Sorry, I don't see it in LPAE, Do you mean these lines in LPAE?
        //====
	/* We require an unmap first */
	if (iopte_leaf(*ptep, lvl)) {
		WARN_ON(!selftest_running);
		return -EEXIST;
	}
        //====
It may be not the same. Here we only check whether the prot of the old
pgd is same with the current pgd.
I will change it to WARN_ON(1) too.
> 
> > +                       return -EEXIST;
> > +               }
> > +       }
> > +
> > +       pteprot = (arm_short_iopte)pa;
> > +       pteprot |= __arm_short_pte_port(prot, largepage);
> > +
> > +       pte = arm_short_get_pte_in_pgd(*pgd, iova);
> > +
> > +       pr_debug("iova:0x%x,pte:0x%p(0x%x),prot:0x%x-%s\n",
> > +                iova, pte, ARM_SHORT_PTE_IDX(iova), pteprot,
> > +                largepage ? "large page" : "small page");
> > +
> > +       for (i = 0; i < ptenum; i++) {
> > +               if (pte[i]) {
> > +                       pr_err("The To-Map pte exists!(iova=0x%x pte=0x%x i=%d)\n",
> > +                              iova, pte[i], i);
> > +                       goto err_out;
I will change to WARN_ON(1) here too.
> > +               }
> > +               pte[i] = pteprot;
> > +       }
> 
> I don't think you need this loop; you should only be given a page size,
> like with unmap.

   I am not sure I follow your meaning.The ptenum here is only 1 or 16.

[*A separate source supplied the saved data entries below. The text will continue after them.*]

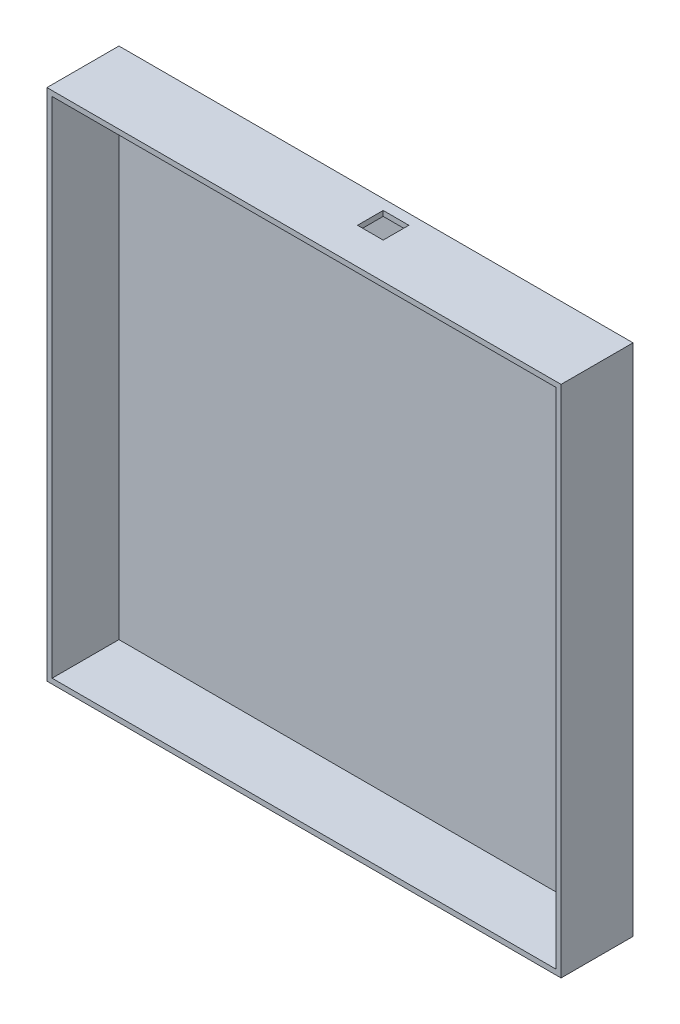
ISO-10303-21;
HEADER;
FILE_DESCRIPTION(('STEP AP214'),'2;1');
FILE_NAME('part.step','',(''),(''),'','','');
FILE_SCHEMA(('AUTOMOTIVE_DESIGN { 1 0 10303 214 1 1 1 1 }'));
ENDSEC;
DATA;
#1=APPLICATION_CONTEXT('core data for automotive mechanical design processes');
#2=APPLICATION_PROTOCOL_DEFINITION('international standard','automotive_design',2000,#1);
#3=PRODUCT_CONTEXT('',#1,'mechanical');
#4=PRODUCT('Part','Part','',(#3));
#5=PRODUCT_RELATED_PRODUCT_CATEGORY('part','',(#4));
#6=PRODUCT_DEFINITION_FORMATION('','',#4);
#7=PRODUCT_DEFINITION_CONTEXT('part definition',#1,'design');
#8=PRODUCT_DEFINITION('design','',#6,#7);
#9=PRODUCT_DEFINITION_SHAPE('','',#8);
#10=(LENGTH_UNIT() NAMED_UNIT(*) SI_UNIT(.MILLI.,.METRE.));
#11=(NAMED_UNIT(*) PLANE_ANGLE_UNIT() SI_UNIT($,.RADIAN.));
#12=(NAMED_UNIT(*) SI_UNIT($,.STERADIAN.) SOLID_ANGLE_UNIT());
#13=UNCERTAINTY_MEASURE_WITH_UNIT(LENGTH_MEASURE(1.E-05),#10,'distance_accuracy_value','');
#14=(GEOMETRIC_REPRESENTATION_CONTEXT(3) GLOBAL_UNCERTAINTY_ASSIGNED_CONTEXT((#13)) GLOBAL_UNIT_ASSIGNED_CONTEXT((#10,
#11,#12)) REPRESENTATION_CONTEXT('',''));
#15=CARTESIAN_POINT('',(0.,0.,0.));
#16=DIRECTION('',(0.,0.,1.));
#17=DIRECTION('',(1.,0.,0.));
#18=AXIS2_PLACEMENT_3D('',#15,#16,#17);
#19=CARTESIAN_POINT('',(0.,0.,13.));
#20=DIRECTION('',(0.,0.,1.));
#21=DIRECTION('',(1.,0.,0.));
#22=AXIS2_PLACEMENT_3D('',#19,#20,#21);
#23=PLANE('',#22);
#24=DIRECTION('',(0.,1.,0.));
#25=VECTOR('',#24,1.);
#26=CARTESIAN_POINT('',(50.,50.,13.));
#27=LINE('',#26,#25);
#28=CARTESIAN_POINT('',(50.,-50.,13.));
#29=VERTEX_POINT('',#28);
#30=CARTESIAN_POINT('',(50.,50.,13.));
#31=VERTEX_POINT('',#30);
#32=EDGE_CURVE('E225',#29,#31,#27,.T.);
#33=ORIENTED_EDGE('',*,*,#32,.T.);
#34=DIRECTION('',(-1.,0.,0.));
#35=VECTOR('',#34,1.);
#36=CARTESIAN_POINT('',(-50.,50.,13.));
#37=LINE('',#36,#35);
#38=CARTESIAN_POINT('',(-50.,50.,13.));
#39=VERTEX_POINT('',#38);
#40=EDGE_CURVE('E229',#31,#39,#37,.T.);
#41=ORIENTED_EDGE('',*,*,#40,.T.);
#42=DIRECTION('',(0.,-1.,0.));
#43=VECTOR('',#42,1.);
#44=CARTESIAN_POINT('',(-50.,50.,13.));
#45=LINE('',#44,#43);
#46=CARTESIAN_POINT('',(-50.,-50.,13.));
#47=VERTEX_POINT('',#46);
#48=EDGE_CURVE('E232',#39,#47,#45,.T.);
#49=ORIENTED_EDGE('',*,*,#48,.T.);
#50=DIRECTION('',(1.,0.,0.));
#51=VECTOR('',#50,1.);
#52=CARTESIAN_POINT('',(-50.,-50.,13.));
#53=LINE('',#52,#51);
#54=EDGE_CURVE('E235',#47,#29,#53,.T.);
#55=ORIENTED_EDGE('',*,*,#54,.T.);
#56=EDGE_LOOP('',(#33,#41,#49,#55));
#57=FACE_BOUND('',#56,.T.);
#58=DIRECTION('',(0.,-1.,0.));
#59=VECTOR('',#58,1.);
#60=CARTESIAN_POINT('',(-49.,49.,13.));
#61=LINE('',#60,#59);
#62=CARTESIAN_POINT('',(-49.,49.,13.));
#63=VERTEX_POINT('',#62);
#64=CARTESIAN_POINT('',(-49.,-49.,13.));
#65=VERTEX_POINT('',#64);
#66=EDGE_CURVE('E187',#63,#65,#61,.T.);
#67=ORIENTED_EDGE('',*,*,#66,.F.);
#68=DIRECTION('',(-1.,0.,0.));
#69=VECTOR('',#68,1.);
#70=CARTESIAN_POINT('',(-49.,49.,13.));
#71=LINE('',#70,#69);
#72=CARTESIAN_POINT('',(49.,49.,13.));
#73=VERTEX_POINT('',#72);
#74=EDGE_CURVE('E184',#73,#63,#71,.T.);
#75=ORIENTED_EDGE('',*,*,#74,.F.);
#76=DIRECTION('',(0.,1.,0.));
#77=VECTOR('',#76,1.);
#78=CARTESIAN_POINT('',(49.,49.,13.));
#79=LINE('',#78,#77);
#80=CARTESIAN_POINT('',(49.,-49.,13.));
#81=VERTEX_POINT('',#80);
#82=EDGE_CURVE('E195',#81,#73,#79,.T.);
#83=ORIENTED_EDGE('',*,*,#82,.F.);
#84=DIRECTION('',(1.,0.,0.));
#85=VECTOR('',#84,1.);
#86=CARTESIAN_POINT('',(-49.,-49.,13.));
#87=LINE('',#86,#85);
#88=EDGE_CURVE('E191',#65,#81,#87,.T.);
#89=ORIENTED_EDGE('',*,*,#88,.F.);
#90=EDGE_LOOP('',(#67,#75,#83,#89));
#91=FACE_BOUND('',#90,.T.);
#92=ADVANCED_FACE('F43',(#57,#91),#23,.T.);
#93=CARTESIAN_POINT('',(50.,50.,13.));
#94=DIRECTION('',(-1.,0.,0.));
#95=DIRECTION('',(0.,-1.,0.));
#96=AXIS2_PLACEMENT_3D('',#93,#94,#95);
#97=PLANE('',#96);
#98=DIRECTION('',(0.,0.,-1.));
#99=VECTOR('',#98,1.);
#100=CARTESIAN_POINT('',(50.,-50.,13.));
#101=LINE('',#100,#99);
#102=CARTESIAN_POINT('',(50.,-50.,-1.));
#103=VERTEX_POINT('',#102);
#104=EDGE_CURVE('E238',#29,#103,#101,.T.);
#105=ORIENTED_EDGE('',*,*,#104,.T.);
#106=DIRECTION('',(0.,-1.,0.));
#107=VECTOR('',#106,1.);
#108=CARTESIAN_POINT('',(50.,50.,-1.));
#109=LINE('',#108,#107);
#110=CARTESIAN_POINT('',(50.,50.,-1.));
#111=VERTEX_POINT('',#110);
#112=EDGE_CURVE('E171',#111,#103,#109,.T.);
#113=ORIENTED_EDGE('',*,*,#112,.F.);
#114=DIRECTION('',(0.,0.,-1.));
#115=VECTOR('',#114,1.);
#116=CARTESIAN_POINT('',(50.,50.,13.));
#117=LINE('',#116,#115);
#118=EDGE_CURVE('E247',#31,#111,#117,.T.);
#119=ORIENTED_EDGE('',*,*,#118,.F.);
#120=ORIENTED_EDGE('',*,*,#32,.F.);
#121=EDGE_LOOP('',(#105,#113,#119,#120));
#122=FACE_BOUND('',#121,.T.);
#123=ADVANCED_FACE('F45',(#122),#97,.F.);
#124=CARTESIAN_POINT('',(-50.,50.,13.));
#125=DIRECTION('',(0.,-1.,0.));
#126=DIRECTION('',(0.,0.,-1.));
#127=AXIS2_PLACEMENT_3D('',#124,#125,#126);
#128=PLANE('',#127);
#129=DIRECTION('',(-1.,0.,0.));
#130=VECTOR('',#129,1.);
#131=CARTESIAN_POINT('',(3.39999999999998,50.,1.));
#132=LINE('',#131,#130);
#133=CARTESIAN_POINT('',(8.39999999999998,50.,0.999999999999999));
#134=VERTEX_POINT('',#133);
#135=CARTESIAN_POINT('',(3.39999999999998,50.,1.));
#136=VERTEX_POINT('',#135);
#137=EDGE_CURVE('E145',#134,#136,#132,.T.);
#138=ORIENTED_EDGE('',*,*,#137,.F.);
#139=DIRECTION('',(0.,0.,-1.));
#140=VECTOR('',#139,1.);
#141=CARTESIAN_POINT('',(8.39999999999998,50.,1.));
#142=LINE('',#141,#140);
#143=CARTESIAN_POINT('',(8.39999999999998,50.,6.));
#144=VERTEX_POINT('',#143);
#145=EDGE_CURVE('E59',#144,#134,#142,.T.);
#146=ORIENTED_EDGE('',*,*,#145,.F.);
#147=DIRECTION('',(1.,0.,0.));
#148=VECTOR('',#147,1.);
#149=CARTESIAN_POINT('',(3.39999999999998,50.,6.));
#150=LINE('',#149,#148);
#151=CARTESIAN_POINT('',(3.39999999999998,50.,6.));
#152=VERTEX_POINT('',#151);
#153=EDGE_CURVE('E153',#152,#144,#150,.T.);
#154=ORIENTED_EDGE('',*,*,#153,.F.);
#155=DIRECTION('',(0.,0.,1.));
#156=VECTOR('',#155,1.);
#157=CARTESIAN_POINT('',(3.39999999999998,50.,1.));
#158=LINE('',#157,#156);
#159=EDGE_CURVE('E135',#136,#152,#158,.T.);
#160=ORIENTED_EDGE('',*,*,#159,.F.);
#161=EDGE_LOOP('',(#138,#146,#154,#160));
#162=FACE_BOUND('',#161,.T.);
#163=ORIENTED_EDGE('',*,*,#118,.T.);
#164=DIRECTION('',(1.,0.,0.));
#165=VECTOR('',#164,1.);
#166=CARTESIAN_POINT('',(-50.,50.,-1.));
#167=LINE('',#166,#165);
#168=CARTESIAN_POINT('',(-50.,50.,-1.));
#169=VERTEX_POINT('',#168);
#170=EDGE_CURVE('E163',#169,#111,#167,.T.);
#171=ORIENTED_EDGE('',*,*,#170,.F.);
#172=DIRECTION('',(0.,0.,-1.));
#173=VECTOR('',#172,1.);
#174=CARTESIAN_POINT('',(-50.,50.,13.));
#175=LINE('',#174,#173);
#176=EDGE_CURVE('E244',#39,#169,#175,.T.);
#177=ORIENTED_EDGE('',*,*,#176,.F.);
#178=ORIENTED_EDGE('',*,*,#40,.F.);
#179=EDGE_LOOP('',(#163,#171,#177,#178));
#180=FACE_BOUND('',#179,.T.);
#181=ADVANCED_FACE('F150',(#162,#180),#128,.F.);
#182=CARTESIAN_POINT('',(-50.,50.,13.));
#183=DIRECTION('',(1.,0.,0.));
#184=DIRECTION('',(0.,1.,0.));
#185=AXIS2_PLACEMENT_3D('',#182,#183,#184);
#186=PLANE('',#185);
#187=ORIENTED_EDGE('',*,*,#176,.T.);
#188=DIRECTION('',(0.,1.,0.));
#189=VECTOR('',#188,1.);
#190=CARTESIAN_POINT('',(-50.,-50.,-1.));
#191=LINE('',#190,#189);
#192=CARTESIAN_POINT('',(-50.,-50.,-1.));
#193=VERTEX_POINT('',#192);
#194=EDGE_CURVE('E179',#193,#169,#191,.T.);
#195=ORIENTED_EDGE('',*,*,#194,.F.);
#196=DIRECTION('',(0.,0.,-1.));
#197=VECTOR('',#196,1.);
#198=CARTESIAN_POINT('',(-50.,-50.,13.));
#199=LINE('',#198,#197);
#200=EDGE_CURVE('E241',#47,#193,#199,.T.);
#201=ORIENTED_EDGE('',*,*,#200,.F.);
#202=ORIENTED_EDGE('',*,*,#48,.F.);
#203=EDGE_LOOP('',(#187,#195,#201,#202));
#204=FACE_BOUND('',#203,.T.);
#205=ADVANCED_FACE('F291',(#204),#186,.F.);
#206=CARTESIAN_POINT('',(-50.,-50.,13.));
#207=DIRECTION('',(0.,1.,0.));
#208=DIRECTION('',(0.,0.,1.));
#209=AXIS2_PLACEMENT_3D('',#206,#207,#208);
#210=PLANE('',#209);
#211=ORIENTED_EDGE('',*,*,#200,.T.);
#212=DIRECTION('',(-1.,0.,0.));
#213=VECTOR('',#212,1.);
#214=CARTESIAN_POINT('',(50.,-50.,-1.));
#215=LINE('',#214,#213);
#216=EDGE_CURVE('E175',#103,#193,#215,.T.);
#217=ORIENTED_EDGE('',*,*,#216,.F.);
#218=ORIENTED_EDGE('',*,*,#104,.F.);
#219=ORIENTED_EDGE('',*,*,#54,.F.);
#220=EDGE_LOOP('',(#211,#217,#218,#219));
#221=FACE_BOUND('',#220,.T.);
#222=ADVANCED_FACE('F288',(#221),#210,.F.);
#223=CARTESIAN_POINT('',(-49.,49.,13.));
#224=DIRECTION('',(0.,-1.,0.));
#225=DIRECTION('',(0.,0.,-1.));
#226=AXIS2_PLACEMENT_3D('',#223,#224,#225);
#227=PLANE('',#226);
#228=DIRECTION('',(0.,0.,1.));
#229=VECTOR('',#228,1.);
#230=CARTESIAN_POINT('',(8.39999999999998,49.,13.));
#231=LINE('',#230,#229);
#232=CARTESIAN_POINT('',(8.39999999999998,49.,1.));
#233=VERTEX_POINT('',#232);
#234=CARTESIAN_POINT('',(8.39999999999998,49.,6.));
#235=VERTEX_POINT('',#234);
#236=EDGE_CURVE('E11',#233,#235,#231,.T.);
#237=ORIENTED_EDGE('',*,*,#236,.F.);
#238=DIRECTION('',(1.,0.,0.));
#239=VECTOR('',#238,1.);
#240=CARTESIAN_POINT('',(-49.,49.,0.999999999999999));
#241=LINE('',#240,#239);
#242=CARTESIAN_POINT('',(3.39999999999999,49.,0.999999999999999));
#243=VERTEX_POINT('',#242);
#244=EDGE_CURVE('E250',#243,#233,#241,.T.);
#245=ORIENTED_EDGE('',*,*,#244,.F.);
#246=DIRECTION('',(0.,0.,-1.));
#247=VECTOR('',#246,1.);
#248=CARTESIAN_POINT('',(3.39999999999998,49.,13.));
#249=LINE('',#248,#247);
#250=CARTESIAN_POINT('',(3.39999999999998,49.,6.));
#251=VERTEX_POINT('',#250);
#252=EDGE_CURVE('E138',#251,#243,#249,.T.);
#253=ORIENTED_EDGE('',*,*,#252,.F.);
#254=DIRECTION('',(-1.,0.,0.));
#255=VECTOR('',#254,1.);
#256=CARTESIAN_POINT('',(-49.,49.,6.));
#257=LINE('',#256,#255);
#258=EDGE_CURVE('E52',#235,#251,#257,.T.);
#259=ORIENTED_EDGE('',*,*,#258,.F.);
#260=EDGE_LOOP('',(#237,#245,#253,#259));
#261=FACE_BOUND('',#260,.T.);
#262=DIRECTION('',(-1.,0.,0.));
#263=VECTOR('',#262,1.);
#264=CARTESIAN_POINT('',(-49.,49.,0.));
#265=LINE('',#264,#263);
#266=CARTESIAN_POINT('',(49.,49.,0.));
#267=VERTEX_POINT('',#266);
#268=CARTESIAN_POINT('',(-49.,49.,0.));
#269=VERTEX_POINT('',#268);
#270=EDGE_CURVE('E183',#267,#269,#265,.T.);
#271=ORIENTED_EDGE('',*,*,#270,.F.);
#272=DIRECTION('',(0.,0.,-1.));
#273=VECTOR('',#272,1.);
#274=CARTESIAN_POINT('',(49.,49.,13.));
#275=LINE('',#274,#273);
#276=EDGE_CURVE('E198',#73,#267,#275,.T.);
#277=ORIENTED_EDGE('',*,*,#276,.F.);
#278=ORIENTED_EDGE('',*,*,#74,.T.);
#279=DIRECTION('',(0.,0.,-1.));
#280=VECTOR('',#279,1.);
#281=CARTESIAN_POINT('',(-49.,49.,13.));
#282=LINE('',#281,#280);
#283=EDGE_CURVE('E221',#63,#269,#282,.T.);
#284=ORIENTED_EDGE('',*,*,#283,.T.);
#285=EDGE_LOOP('',(#271,#277,#278,#284));
#286=FACE_BOUND('',#285,.T.);
#287=ADVANCED_FACE('F261',(#261,#286),#227,.T.);
#288=CARTESIAN_POINT('',(-49.,49.,13.));
#289=DIRECTION('',(1.,0.,0.));
#290=DIRECTION('',(0.,1.,0.));
#291=AXIS2_PLACEMENT_3D('',#288,#289,#290);
#292=PLANE('',#291);
#293=DIRECTION('',(0.,-1.,0.));
#294=VECTOR('',#293,1.);
#295=CARTESIAN_POINT('',(-49.,49.,0.));
#296=LINE('',#295,#294);
#297=CARTESIAN_POINT('',(-49.,-49.,0.));
#298=VERTEX_POINT('',#297);
#299=EDGE_CURVE('E202',#269,#298,#296,.T.);
#300=ORIENTED_EDGE('',*,*,#299,.F.);
#301=ORIENTED_EDGE('',*,*,#283,.F.);
#302=ORIENTED_EDGE('',*,*,#66,.T.);
#303=DIRECTION('',(0.,0.,-1.));
#304=VECTOR('',#303,1.);
#305=CARTESIAN_POINT('',(-49.,-49.,13.));
#306=LINE('',#305,#304);
#307=EDGE_CURVE('E218',#65,#298,#306,.T.);
#308=ORIENTED_EDGE('',*,*,#307,.T.);
#309=EDGE_LOOP('',(#300,#301,#302,#308));
#310=FACE_BOUND('',#309,.T.);
#311=ADVANCED_FACE('F316',(#310),#292,.T.);
#312=CARTESIAN_POINT('',(-49.,-49.,13.));
#313=DIRECTION('',(0.,1.,0.));
#314=DIRECTION('',(-1.,0.,0.));
#315=AXIS2_PLACEMENT_3D('',#312,#313,#314);
#316=PLANE('',#315);
#317=DIRECTION('',(1.,0.,0.));
#318=VECTOR('',#317,1.);
#319=CARTESIAN_POINT('',(-49.,-49.,0.));
#320=LINE('',#319,#318);
#321=CARTESIAN_POINT('',(49.,-49.,0.));
#322=VERTEX_POINT('',#321);
#323=EDGE_CURVE('E206',#298,#322,#320,.T.);
#324=ORIENTED_EDGE('',*,*,#323,.F.);
#325=ORIENTED_EDGE('',*,*,#307,.F.);
#326=ORIENTED_EDGE('',*,*,#88,.T.);
#327=DIRECTION('',(0.,0.,-1.));
#328=VECTOR('',#327,1.);
#329=CARTESIAN_POINT('',(49.,-49.,13.));
#330=LINE('',#329,#328);
#331=EDGE_CURVE('E215',#81,#322,#330,.T.);
#332=ORIENTED_EDGE('',*,*,#331,.T.);
#333=EDGE_LOOP('',(#324,#325,#326,#332));
#334=FACE_BOUND('',#333,.T.);
#335=ADVANCED_FACE('F321',(#334),#316,.T.);
#336=CARTESIAN_POINT('',(49.,49.,13.));
#337=DIRECTION('',(-1.,0.,0.));
#338=DIRECTION('',(0.,-1.,0.));
#339=AXIS2_PLACEMENT_3D('',#336,#337,#338);
#340=PLANE('',#339);
#341=DIRECTION('',(0.,1.,0.));
#342=VECTOR('',#341,1.);
#343=CARTESIAN_POINT('',(49.,49.,0.));
#344=LINE('',#343,#342);
#345=EDGE_CURVE('E188',#322,#267,#344,.T.);
#346=ORIENTED_EDGE('',*,*,#345,.F.);
#347=ORIENTED_EDGE('',*,*,#331,.F.);
#348=ORIENTED_EDGE('',*,*,#82,.T.);
#349=ORIENTED_EDGE('',*,*,#276,.T.);
#350=EDGE_LOOP('',(#346,#347,#348,#349));
#351=FACE_BOUND('',#350,.T.);
#352=ADVANCED_FACE('F328',(#351),#340,.T.);
#353=CARTESIAN_POINT('',(0.,0.,0.));
#354=DIRECTION('',(0.,0.,-1.));
#355=DIRECTION('',(-1.,0.,0.));
#356=AXIS2_PLACEMENT_3D('',#353,#354,#355);
#357=PLANE('',#356);
#358=ORIENTED_EDGE('',*,*,#345,.T.);
#359=ORIENTED_EDGE('',*,*,#270,.T.);
#360=ORIENTED_EDGE('',*,*,#299,.T.);
#361=ORIENTED_EDGE('',*,*,#323,.T.);
#362=EDGE_LOOP('',(#358,#359,#360,#361));
#363=FACE_BOUND('',#362,.T.);
#364=ADVANCED_FACE('F273',(#363),#357,.F.);
#365=CARTESIAN_POINT('',(0.,0.,-1.));
#366=DIRECTION('',(0.,0.,-1.));
#367=DIRECTION('',(-1.,0.,0.));
#368=AXIS2_PLACEMENT_3D('',#365,#366,#367);
#369=PLANE('',#368);
#370=ORIENTED_EDGE('',*,*,#170,.T.);
#371=ORIENTED_EDGE('',*,*,#112,.T.);
#372=ORIENTED_EDGE('',*,*,#216,.T.);
#373=ORIENTED_EDGE('',*,*,#194,.T.);
#374=EDGE_LOOP('',(#370,#371,#372,#373));
#375=FACE_BOUND('',#374,.T.);
#376=ADVANCED_FACE('F266',(#375),#369,.T.);
#377=CARTESIAN_POINT('',(8.39999999999998,48.,1.));
#378=DIRECTION('',(1.,0.,0.));
#379=DIRECTION('',(0.,0.,-1.));
#380=AXIS2_PLACEMENT_3D('',#377,#378,#379);
#381=PLANE('',#380);
#382=ORIENTED_EDGE('',*,*,#236,.T.);
#383=DIRECTION('',(0.,1.,0.));
#384=VECTOR('',#383,1.);
#385=CARTESIAN_POINT('',(8.39999999999998,48.,6.));
#386=LINE('',#385,#384);
#387=EDGE_CURVE('E160',#235,#144,#386,.T.);
#388=ORIENTED_EDGE('',*,*,#387,.T.);
#389=ORIENTED_EDGE('',*,*,#145,.T.);
#390=DIRECTION('',(0.,1.,0.));
#391=VECTOR('',#390,1.);
#392=CARTESIAN_POINT('',(8.39999999999998,48.,1.));
#393=LINE('',#392,#391);
#394=EDGE_CURVE('E142',#233,#134,#393,.T.);
#395=ORIENTED_EDGE('',*,*,#394,.F.);
#396=EDGE_LOOP('',(#382,#388,#389,#395));
#397=FACE_BOUND('',#396,.T.);
#398=ADVANCED_FACE('F263',(#397),#381,.F.);
#399=CARTESIAN_POINT('',(3.39999999999998,48.,6.));
#400=DIRECTION('',(0.,0.,1.));
#401=DIRECTION('',(1.,0.,0.));
#402=AXIS2_PLACEMENT_3D('',#399,#400,#401);
#403=PLANE('',#402);
#404=ORIENTED_EDGE('',*,*,#258,.T.);
#405=DIRECTION('',(0.,1.,0.));
#406=VECTOR('',#405,1.);
#407=CARTESIAN_POINT('',(3.39999999999998,48.,6.));
#408=LINE('',#407,#406);
#409=EDGE_CURVE('E141',#251,#152,#408,.T.);
#410=ORIENTED_EDGE('',*,*,#409,.T.);
#411=ORIENTED_EDGE('',*,*,#153,.T.);
#412=ORIENTED_EDGE('',*,*,#387,.F.);
#413=EDGE_LOOP('',(#404,#410,#411,#412));
#414=FACE_BOUND('',#413,.T.);
#415=ADVANCED_FACE('F258',(#414),#403,.F.);
#416=CARTESIAN_POINT('',(3.39999999999998,48.,1.));
#417=DIRECTION('',(-1.,0.,0.));
#418=DIRECTION('',(0.,0.,1.));
#419=AXIS2_PLACEMENT_3D('',#416,#417,#418);
#420=PLANE('',#419);
#421=ORIENTED_EDGE('',*,*,#252,.T.);
#422=DIRECTION('',(0.,1.,0.));
#423=VECTOR('',#422,1.);
#424=CARTESIAN_POINT('',(3.39999999999998,48.,1.));
#425=LINE('',#424,#423);
#426=EDGE_CURVE('E67',#243,#136,#425,.T.);
#427=ORIENTED_EDGE('',*,*,#426,.T.);
#428=ORIENTED_EDGE('',*,*,#159,.T.);
#429=ORIENTED_EDGE('',*,*,#409,.F.);
#430=EDGE_LOOP('',(#421,#427,#428,#429));
#431=FACE_BOUND('',#430,.T.);
#432=ADVANCED_FACE('F132',(#431),#420,.F.);
#433=CARTESIAN_POINT('',(3.39999999999998,48.,1.));
#434=DIRECTION('',(0.,0.,-1.));
#435=DIRECTION('',(-1.,0.,0.));
#436=AXIS2_PLACEMENT_3D('',#433,#434,#435);
#437=PLANE('',#436);
#438=ORIENTED_EDGE('',*,*,#244,.T.);
#439=ORIENTED_EDGE('',*,*,#394,.T.);
#440=ORIENTED_EDGE('',*,*,#137,.T.);
#441=ORIENTED_EDGE('',*,*,#426,.F.);
#442=EDGE_LOOP('',(#438,#439,#440,#441));
#443=FACE_BOUND('',#442,.T.);
#444=ADVANCED_FACE('F146',(#443),#437,.F.);
#445=CLOSED_SHELL('',(#92,#123,#181,#205,#222,#287,#311,#335,#352,#364,#376,#398,#415,#432,#444));
#446=MANIFOLD_SOLID_BREP('B2',#445);
#447=ADVANCED_BREP_SHAPE_REPRESENTATION('',(#18,#446),#14);
#448=SHAPE_DEFINITION_REPRESENTATION(#9,#447);
ENDSEC;
END-ISO-10303-21;

It is 1 while current is small page and section. It is 16 while current
is large page or super section.
Because the descriptor should be repeated 16 consecutive, I use a loop
here.
> 
> > +
> > +       data->iop.cfg.tlb->flush_pgtable(pte, ptenum * sizeof(arm_short_iopte),
> > +                                        cookie);
> > +       return 0;
> > +
> > + err_out:
> > +       for (i--; i >= 0; i--)
> > +               pte[i] = 0;
> > +       if (ptenew)
> > +               kmem_cache_free(data->ptekmem, pte_new_va);
> > +       return -EEXIST;
> > +}
> > +
> > +static int _arm_short_map_section(struct arm_short_io_pgtable *data,
> > +                                 unsigned int iova, phys_addr_t pa,
> > +                                 int prot, bool supersection)
> > +{
> > +       arm_short_iopte pgprot;
> > +       arm_short_iopte mask = supersection ?
> > +                               ARM_SHORT_F_PGD_PA_SUPERSECTION_MSK :
> > +                               ARM_SHORT_F_PGD_PA_SECTION_MSK;
> > +       arm_short_iopte *pgd = data->pgd;
> > +       int i;
> > +       unsigned int pgdnum = supersection ? 16 : 1;
> > +
> > +       if ((iova | pa) & (~mask)) {
> > +               pr_err("IOVA|PA Not Aligned(iova=0x%x pa=0x%pa type=%s)\n",
> > +                      iova, &pa, supersection ? "supersection" : "section");
> > +               return -EINVAL;
> > +       }
> > +
> > +       pgprot = (arm_short_iopte)pa;
> > +
> > +       if (data->iop.cfg.quirks & IO_PGTABLE_QUIRK_ARM_NS)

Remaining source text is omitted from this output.